§ **Aim of the task**: Every entry below must be repeated exactly; skip the pictures.

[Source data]
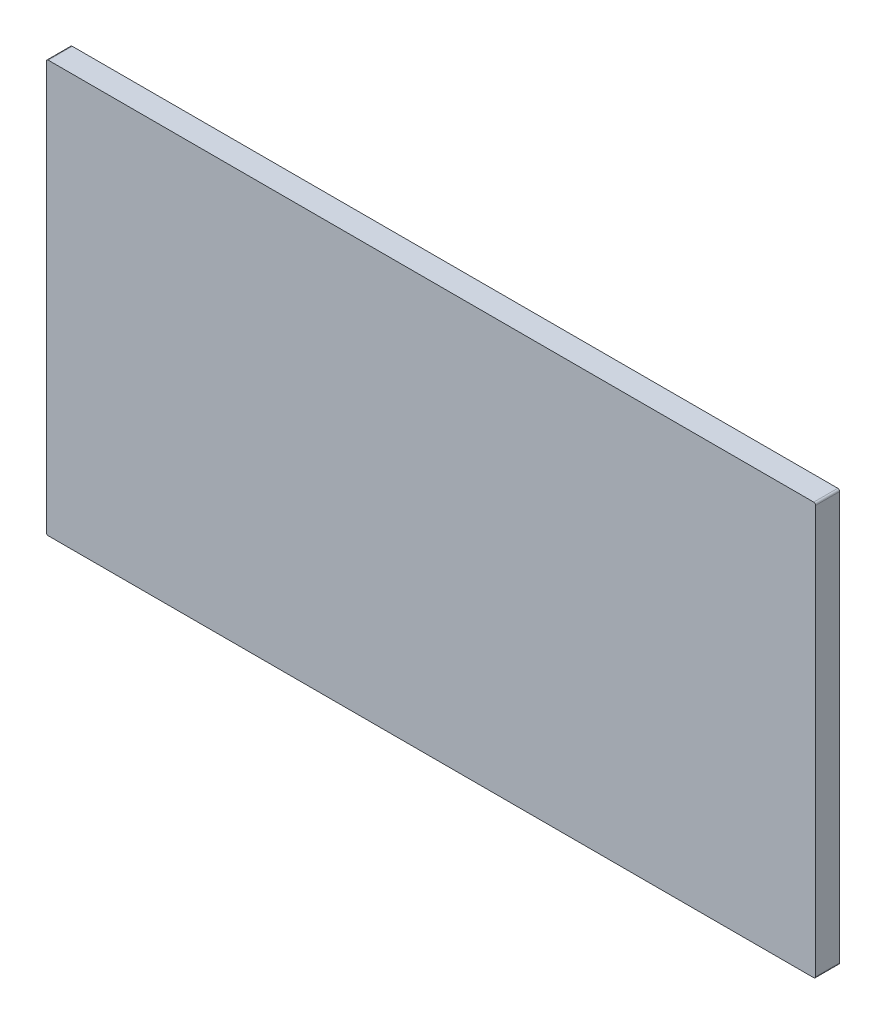
SolidWorks part; units mm, degrees
ref_plane "Front Plane" through (0, 0, 0) normal (0, 0, 1) x (1, 0, 0)
ref_plane "Top Plane" through (0, 0, 0) normal (0, 1, 0) x (1, 0, 0)
ref_plane "Right Plane" through (0, 0, 0) normal (1, 0, 0) x (0, 0, -1)
sketch "Sketch1" plane through (0, 0, 0) normal (0, 0, 1) x (1, 0, 0)
  line L1 (304.8, -163.195) -> (-304.8, -163.195)
  line L2 (304.8, -163.195) -> (304.8, 163.195)
  line L3 (304.8, 163.195) -> (-304.8, 163.195)
  line L4 (-304.8, -163.195) -> (-304.8, 163.195)
  line L5 (304.8, -163.195) -> (-304.8, 163.195) construction
  line L6 (304.8, 163.195) -> (-304.8, -163.195) construction
  point P0 (0, 0)
  dimension "D1" = 326.39
  dimension "D2" = 609.6
extrude "Boss-Extrude1" add sketch "Sketch1" along normal mid plane 19.05
sketch "Sketch2" [suppressed] plane through (0, 0, 9.525) normal (0, 0, 1) x (1, 0, 0)
  line L0 (292.1, 397.75) -> (292.1, 110.25) construction
  line L1 (198.85, 397.75) -> (385.35, 397.75)
  line L2 (198.85, 397.75) -> (198.85, 110.25)
  line L3 (198.85, 110.25) -> (385.35, 110.25)
  line L4 (385.35, 397.75) -> (385.35, 110.25)
  line L5 (140.85, 70.95) -> (443.35, 70.95)
  line L6 (140.85, 70.95) -> (140.85, -426.55)
  line L7 (140.85, -426.55) -> (443.35, -426.55)
  line L8 (443.35, 70.95) -> (443.35, -426.55)
  line L9 (-379.73, 444.5) -> (90.17, 444.5)
  line L10 (-379.73, 444.5) -> (-379.73, -241.3)
  line L11 (-379.73, -241.3) -> (90.17, -241.3)
  line L12 (90.17, 444.5) -> (90.17, -241.3)
  line L13 (198.85, 254) -> (385.35, 254) construction
  line L14 (292.1, 70.95) -> (292.1, -426.55) construction
  line L15 (140.85, -177.8) -> (443.35, -177.8) construction
  line L16 (-144.78, 444.5) -> (-144.78, -241.3) construction
  line L17 (-379.73, 101.6) -> (90.17, 101.6) construction
  line L18 (-144.78, -279.4) -> (-144.78, -241.3) construction
  line L19 (-379.73, -279.4) -> (90.17, -279.4)
  line L20 (-379.73, -279.4) -> (-379.73, -457.2)
  line L21 (-379.73, -457.2) -> (90.17, -457.2)
  line L22 (90.17, -279.4) -> (90.17, -457.2)
  line L23 (-379.73, -368.3) -> (90.17, -368.3) construction
  line L24 (-476.25, 476.25) -> (-476.25, -476.25) construction
  dimension "D1" = 292.1
  dimension "D2" = 302.5
  dimension "D3" = 96.52
  dimension "D4" = 186.5
  dimension "D5" = 497.5
  dimension "D6" = 177.8
  dimension "D7" = 254
  dimension "D8" = 287.5
  dimension "D9" = 685.8
  dimension "D10" = 101.6
  dimension "D11" = 469.9
  dimension "D13" = 177.8
  dimension "D14" = 368.3
extrude "Cut-Extrude1" [suppressed] cut sketch "Sketch2" against normal through all
fillet "Fillet1" [suppressed] radius 1.5
fillet "Fillet2" radius 1.5 4 edges at (-304.8, -163.195, 0) (304.8, -163.195, 0) (304.8, 163.195, 0) (-304.8, 163.195, 0)

§ **Response below**:
SolidWorks part; units mm, degrees
ref_plane "Front Plane" through (0, 0, 0) normal (0, 0, 1) x (1, 0, 0)
ref_plane "Top Plane" through (0, 0, 0) normal (0, 1, 0) x (1, 0, 0)
ref_plane "Right Plane" through (0, 0, 0) normal (1, 0, 0) x (0, 0, -1)
sketch "Sketch1" plane through (0, 0, 0) normal (0, 0, 1) x (1, 0, 0)
  line L1 (304.8, -163.195) -> (-304.8, -163.195)
  line L2 (304.8, -163.195) -> (304.8, 163.195)
  line L3 (304.8, 163.195) -> (-304.8, 163.195)
  line L4 (-304.8, -163.195) -> (-304.8, 163.195)
  line L5 (304.8, -163.195) -> (-304.8, 163.195) construction
  line L6 (304.8, 163.195) -> (-304.8, -163.195) construction
  point P0 (0, 0)
  dimension "D1" = 326.39
  dimension "D2" = 609.6
extrude "Boss-Extrude1" add sketch "Sketch1" along normal mid plane 19.05
sketch "Sketch2" [suppressed] plane through (0, 0, 9.525) normal (0, 0, 1) x (1, 0, 0)
  line L0 (292.1, 397.75) -> (292.1, 110.25) construction
  line L1 (198.85, 397.75) -> (385.35, 397.75)
  line L2 (198.85, 397.75) -> (198.85, 110.25)
  line L3 (198.85, 110.25) -> (385.35, 110.25)
  line L4 (385.35, 397.75) -> (385.35, 110.25)
  line L5 (140.85, 70.95) -> (443.35, 70.95)
  line L6 (140.85, 70.95) -> (140.85, -426.55)
  line L7 (140.85, -426.55) -> (443.35, -426.55)
  line L8 (443.35, 70.95) -> (443.35, -426.55)
  line L9 (-379.73, 444.5) -> (90.17, 444.5)
  line L10 (-379.73, 444.5) -> (-379.73, -241.3)
  line L11 (-379.73, -241.3) -> (90.17, -241.3)
  line L12 (90.17, 444.5) -> (90.17, -241.3)
  line L13 (198.85, 254) -> (385.35, 254) construction
  line L14 (292.1, 70.95) -> (292.1, -426.55) construction
  line L15 (140.85, -177.8) -> (443.35, -177.8) construction
  line L16 (-144.78, 444.5) -> (-144.78, -241.3) construction
  line L17 (-379.73, 101.6) -> (90.17, 101.6) construction
  line L18 (-144.78, -279.4) -> (-144.78, -241.3) construction
  line L19 (-379.73, -279.4) -> (90.17, -279.4)
  line L20 (-379.73, -279.4) -> (-379.73, -457.2)
  line L21 (-379.73, -457.2) -> (90.17, -457.2)
  line L22 (90.17, -279.4) -> (90.17, -457.2)
  line L23 (-379.73, -368.3) -> (90.17, -368.3) construction
  line L24 (-476.25, 476.25) -> (-476.25, -476.25) construction
  dimension "D1" = 292.1
  dimension "D2" = 302.5
  dimension "D3" = 96.52
  dimension "D4" = 186.5
  dimension "D5" = 497.5
  dimension "D6" = 177.8
  dimension "D7" = 254
  dimension "D8" = 287.5
  dimension "D9" = 685.8
  dimension "D10" = 101.6
  dimension "D11" = 469.9
  dimension "D13" = 177.8
  dimension "D14" = 368.3
extrude "Cut-Extrude1" [suppressed] cut sketch "Sketch2" against normal through all
fillet "Fillet1" [suppressed] radius 1.5
fillet "Fillet2" radius 1.5 4 edges at (-304.8, -163.195, 0) (304.8, -163.195, 0) (304.8, 163.195, 0) (-304.8, 163.195, 0)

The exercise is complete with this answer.